▸ **Exercise prompt**: Make a verbatim copy of all the records. Skip every image.

▸ **Dataset entries**:
"""
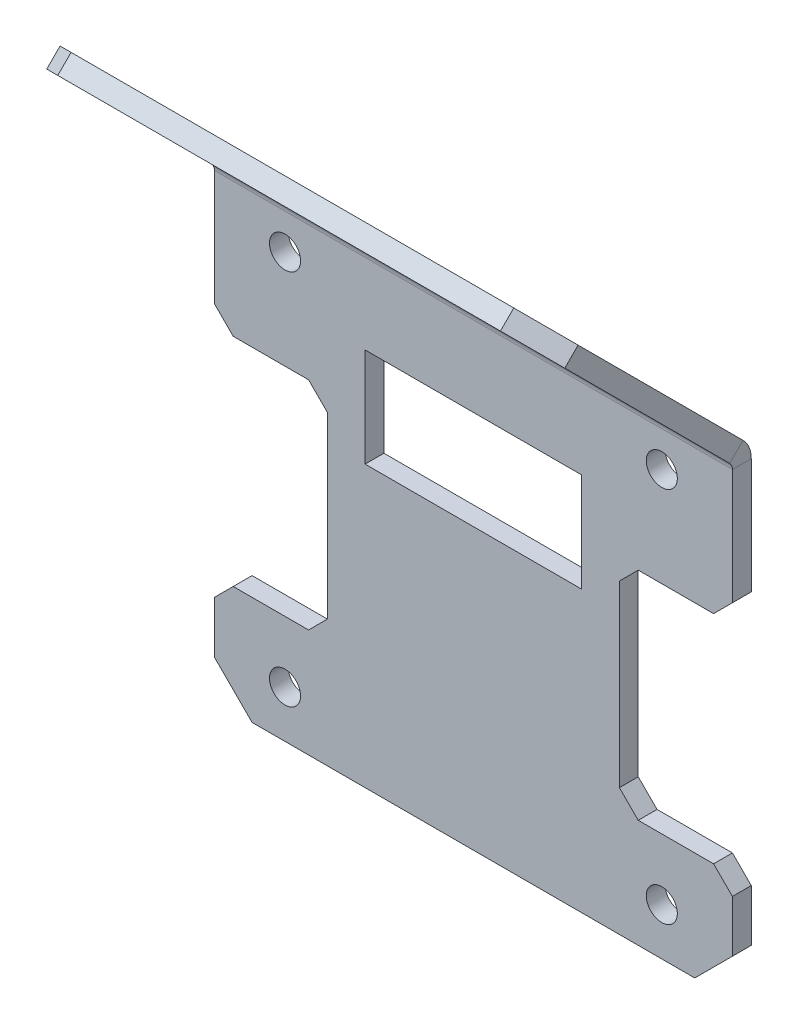
from build123d import *

# Parameters (mm, degrees)
SM_BASE_FLANGE_1_DEPTH = 27.5
CHAMFER_1_SIZE         = 4
SKETCH_6_R             = 9.5
CUT_EXTRUDE_1_DEPTH    = 62.386073339
SKETCH_7_W             = 12
SKETCH_7_H             = 23
CUT_EXTRUDE_2_DEPTH    = 62.386073339
CHAMFER_2_SIZE         = 2
SKETCH_9_W             = 23
SKETCH_9_H             = 10.5
CUT_EXTRUDE_4_DEPTH    = 62.386073339
CUT_EXTRUDE_5_REACH    = 63.386
SKETCH_10_R            = 1.65


# Sheet-metal steps are written as plain solids
with BuildPart() as part:
    # Sketch 1 → 基材-凸緣1 (new, symmetric)
    with BuildSketch(Plane(origin=(0, 0, 0), x_dir=(0, 1, 0), z_dir=(-1, 0, 0))):
        with BuildLine():
            Line((-50, 0), (-1.242640687, 0))
            ThreePointArc((-1.242640687, 0), (-0.09459039, -0.228361402), (0.878679656, -0.878679656))
            Line((0.878679656, -0.878679656), (21.213203436, -21.213203436))
            Line((21.213203436, -21.213203436), (19.798989873, -22.627416998))
            Line((19.798989873, -22.627416998), (-0.535533906, -2.292893219))
            ThreePointArc((-0.535533906, -2.292893219), (-0.859957255, -2.076120467), (-1.242640687, -2))
            Line((-1.242640687, -2), (-50, -2))
            Line((-50, -2), (-50, 0))
        make_face()
    extrude(amount=SM_BASE_FLANGE_1_DEPTH, both=True)

    # 導角1
    chamfer_1_edges = [part.edges().sort_by_distance(p)[0] for p in [
        (-27.5, -50, 1),
        (-27.5, 20.506096654, 21.920310217),
        (27.5, -50, 1),
        (27.5, 20.506096654, 21.920310217),
    ]]
    chamfer(chamfer_1_edges, length=CHAMFER_1_SIZE)

    # 草圖6 → 除料-伸長1 (cut, through all)
    with BuildSketch(Plane(origin=(0, 0, 0), x_dir=(-0.9655064458746985, -0.1841158643007276, -0.18411586430072824), z_dir=(0, 0.7071067811865488, -0.7071067811865465))):
        with Locations(Location((-4.42644559, 16.41360958, 0), (0, 0, 105.092560886))):
            Circle(SKETCH_6_R)
    extrude(amount=-CUT_EXTRUDE_1_DEPTH, mode=Mode.SUBTRACT)

    # 草圖7 → 除料-伸長2 (cut, through all)
    with BuildSketch(Plane(origin=(0, 0, 0), x_dir=(-1, 0, 0), z_dir=(0, 0, -1))):
        with Locations((-21.5, -27)):
            Rectangle(SKETCH_7_W, SKETCH_7_H)
    cut_extrude_2 = extrude(amount=-CUT_EXTRUDE_2_DEPTH, mode=Mode.SUBTRACT)

    # 鏡射1: 除料-伸長2 across plane
    add(cut_extrude_2.mirror(Plane(origin=(0, 0, 0), x_dir=(0, 0, 1), z_dir=(1, 0, 0))), mode=Mode.SUBTRACT)

    # 導角2
    chamfer_2_edges = [part.edges().sort_by_distance(p)[0] for p in [
        (-15.5, -38.5, 1),
        (-15.5, -15.5, 1),
        (27.5, -38.5, 1),
        (27.5, -15.5, 1),
        (15.5, -15.5, 1),
        (15.5, -38.5, 1),
        (-27.5, -15.5, 1),
        (-27.5, -38.5, 1),
    ]]
    chamfer(chamfer_2_edges, length=CHAMFER_2_SIZE)

    # 草圖9 → 除料-伸長4 (cut, through all)
    with BuildSketch(Plane(origin=(0, 0, 0), x_dir=(-1, 0, 0), z_dir=(0, 0, -1))):
        with Locations((0, -15)):
            Rectangle(SKETCH_9_W, SKETCH_9_H)
    extrude(amount=-CUT_EXTRUDE_4_DEPTH, mode=Mode.SUBTRACT)

    # 草圖10 → 除料-伸長5 (cut, up to next)
    with BuildSketch(Plane(origin=(0, 0, 0), x_dir=(-1, 0, 0), z_dir=(0, 0, -1)), mode=Mode.PRIVATE) as cut_extrude_5_sk1:
        with Locations((20, -45)):
            Circle(SKETCH_10_R)
    cut_extrude_5_tool1 = extrude(cut_extrude_5_sk1.sketch, amount=-CUT_EXTRUDE_5_REACH, mode=Mode.PRIVATE) & part.part
    # 草圖10 → 除料-伸長5 (cut, up to next)
    with BuildSketch(Plane(origin=(0, 0, 0), x_dir=(-1, 0, 0), z_dir=(0, 0, -1)), mode=Mode.PRIVATE) as cut_extrude_5_sk2:
        with Locations((-20, -45)):
            Circle(SKETCH_10_R)
    cut_extrude_5_tool2 = extrude(cut_extrude_5_sk2.sketch, amount=-CUT_EXTRUDE_5_REACH, mode=Mode.PRIVATE) & part.part
    # 草圖10 → 除料-伸長5 (cut, up to next)
    with BuildSketch(Plane(origin=(0, 0, 0), x_dir=(-1, 0, 0), z_dir=(0, 0, -1)), mode=Mode.PRIVATE) as cut_extrude_5_sk3:
        with Locations((-20, -5)):
            Circle(SKETCH_10_R)
    cut_extrude_5_tool3 = extrude(cut_extrude_5_sk3.sketch, amount=-CUT_EXTRUDE_5_REACH, mode=Mode.PRIVATE) & part.part
    # 草圖10 → 除料-伸長5 (cut, up to next)
    with BuildSketch(Plane(origin=(0, 0, 0), x_dir=(-1, 0, 0), z_dir=(0, 0, -1)), mode=Mode.PRIVATE) as cut_extrude_5_sk4:
        with Locations((20, -5)):
            Circle(SKETCH_10_R)
    cut_extrude_5_tool4 = extrude(cut_extrude_5_sk4.sketch, amount=-CUT_EXTRUDE_5_REACH, mode=Mode.PRIVATE) & part.part
    add(cut_extrude_5_tool1.solids().sort_by_distance((-20, -45, 0))[0], mode=Mode.SUBTRACT)
    add(cut_extrude_5_tool2.solids().sort_by_distance((20, -45, 0))[0], mode=Mode.SUBTRACT)
    add(cut_extrude_5_tool3.solids().sort_by_distance((20, -5, 0))[0], mode=Mode.SUBTRACT)
    add(cut_extrude_5_tool4.solids().sort_by_distance((-20, -5, 0))[0], mode=Mode.SUBTRACT)


solid = part.part
"""
▸ **Answer area**:
from build123d import *

# Parameters (mm, degrees)
SM_BASE_FLANGE_1_DEPTH = 27.5
CHAMFER_1_SIZE         = 4
SKETCH_6_R             = 9.5
CUT_EXTRUDE_1_DEPTH    = 62.386073339
SKETCH_7_W             = 12
SKETCH_7_H             = 23
CUT_EXTRUDE_2_DEPTH    = 62.386073339
CHAMFER_2_SIZE         = 2
SKETCH_9_W             = 23
SKETCH_9_H             = 10.5
CUT_EXTRUDE_4_DEPTH    = 62.386073339
CUT_EXTRUDE_5_REACH    = 63.386
SKETCH_10_R            = 1.65


# Sheet-metal steps are written as plain solids
with BuildPart() as part:
    # Sketch 1 → 基材-凸緣1 (new, symmetric)
    with BuildSketch(Plane(origin=(0, 0, 0), x_dir=(0, 1, 0), z_dir=(-1, 0, 0))):
        with BuildLine():
            Line((-50, 0), (-1.242640687, 0))
            ThreePointArc((-1.242640687, 0), (-0.09459039, -0.228361402), (0.878679656, -0.878679656))
            Line((0.878679656, -0.878679656), (21.213203436, -21.213203436))
            Line((21.213203436, -21.213203436), (19.798989873, -22.627416998))
            Line((19.798989873, -22.627416998), (-0.535533906, -2.292893219))
            ThreePointArc((-0.535533906, -2.292893219), (-0.859957255, -2.076120467), (-1.242640687, -2))
            Line((-1.242640687, -2), (-50, -2))
            Line((-50, -2), (-50, 0))
        make_face()
    extrude(amount=SM_BASE_FLANGE_1_DEPTH, both=True)

    # 導角1
    chamfer_1_edges = [part.edges().sort_by_distance(p)[0] for p in [
        (-27.5, -50, 1),
        (-27.5, 20.506096654, 21.920310217),
        (27.5, -50, 1),
        (27.5, 20.506096654, 21.920310217),
    ]]
    chamfer(chamfer_1_edges, length=CHAMFER_1_SIZE)

    # 草圖6 → 除料-伸長1 (cut, through all)
    with BuildSketch(Plane(origin=(0, 0, 0), x_dir=(-0.9655064458746985, -0.1841158643007276, -0.18411586430072824), z_dir=(0, 0.7071067811865488, -0.7071067811865465))):
        with Locations(Location((-4.42644559, 16.41360958, 0), (0, 0, 105.092560886))):
            Circle(SKETCH_6_R)
    extrude(amount=-CUT_EXTRUDE_1_DEPTH, mode=Mode.SUBTRACT)

    # 草圖7 → 除料-伸長2 (cut, through all)
    with BuildSketch(Plane(origin=(0, 0, 0), x_dir=(-1, 0, 0), z_dir=(0, 0, -1))):
        with Locations((-21.5, -27)):
            Rectangle(SKETCH_7_W, SKETCH_7_H)
    cut_extrude_2 = extrude(amount=-CUT_EXTRUDE_2_DEPTH, mode=Mode.SUBTRACT)

    # 鏡射1: 除料-伸長2 across plane
    add(cut_extrude_2.mirror(Plane(origin=(0, 0, 0), x_dir=(0, 0, 1), z_dir=(1, 0, 0))), mode=Mode.SUBTRACT)

    # 導角2
    chamfer_2_edges = [part.edges().sort_by_distance(p)[0] for p in [
        (-15.5, -38.5, 1),
        (-15.5, -15.5, 1),
        (27.5, -38.5, 1),
        (27.5, -15.5, 1),
        (15.5, -15.5, 1),
        (15.5, -38.5, 1),
        (-27.5, -15.5, 1),
        (-27.5, -38.5, 1),
    ]]
    chamfer(chamfer_2_edges, length=CHAMFER_2_SIZE)

    # 草圖9 → 除料-伸長4 (cut, through all)
    with BuildSketch(Plane(origin=(0, 0, 0), x_dir=(-1, 0, 0), z_dir=(0, 0, -1))):
        with Locations((0, -15)):
            Rectangle(SKETCH_9_W, SKETCH_9_H)
    extrude(amount=-CUT_EXTRUDE_4_DEPTH, mode=Mode.SUBTRACT)

    # 草圖10 → 除料-伸長5 (cut, up to next)
    with BuildSketch(Plane(origin=(0, 0, 0), x_dir=(-1, 0, 0), z_dir=(0, 0, -1)), mode=Mode.PRIVATE) as cut_extrude_5_sk1:
        with Locations((20, -45)):
            Circle(SKETCH_10_R)
    cut_extrude_5_tool1 = extrude(cut_extrude_5_sk1.sketch, amount=-CUT_EXTRUDE_5_REACH, mode=Mode.PRIVATE) & part.part
    # 草圖10 → 除料-伸長5 (cut, up to next)
    with BuildSketch(Plane(origin=(0, 0, 0), x_dir=(-1, 0, 0), z_dir=(0, 0, -1)), mode=Mode.PRIVATE) as cut_extrude_5_sk2:
        with Locations((-20, -45)):
            Circle(SKETCH_10_R)
    cut_extrude_5_tool2 = extrude(cut_extrude_5_sk2.sketch, amount=-CUT_EXTRUDE_5_REACH, mode=Mode.PRIVATE) & part.part
    # 草圖10 → 除料-伸長5 (cut, up to next)
    with BuildSketch(Plane(origin=(0, 0, 0), x_dir=(-1, 0, 0), z_dir=(0, 0, -1)), mode=Mode.PRIVATE) as cut_extrude_5_sk3:
        with Locations((-20, -5)):
            Circle(SKETCH_10_R)
    cut_extrude_5_tool3 = extrude(cut_extrude_5_sk3.sketch, amount=-CUT_EXTRUDE_5_REACH, mode=Mode.PRIVATE) & part.part
    # 草圖10 → 除料-伸長5 (cut, up to next)
    with BuildSketch(Plane(origin=(0, 0, 0), x_dir=(-1, 0, 0), z_dir=(0, 0, -1)), mode=Mode.PRIVATE) as cut_extrude_5_sk4:
        with Locations((20, -5)):
            Circle(SKETCH_10_R)
    cut_extrude_5_tool4 = extrude(cut_extrude_5_sk4.sketch, amount=-CUT_EXTRUDE_5_REACH, mode=Mode.PRIVATE) & part.part
    add(cut_extrude_5_tool1.solids().sort_by_distance((-20, -45, 0))[0], mode=Mode.SUBTRACT)
    add(cut_extrude_5_tool2.solids().sort_by_distance((20, -45, 0))[0], mode=Mode.SUBTRACT)
    add(cut_extrude_5_tool3.solids().sort_by_distance((20, -5, 0))[0], mode=Mode.SUBTRACT)
    add(cut_extrude_5_tool4.solids().sort_by_distance((-20, -5, 0))[0], mode=Mode.SUBTRACT)


solid = part.part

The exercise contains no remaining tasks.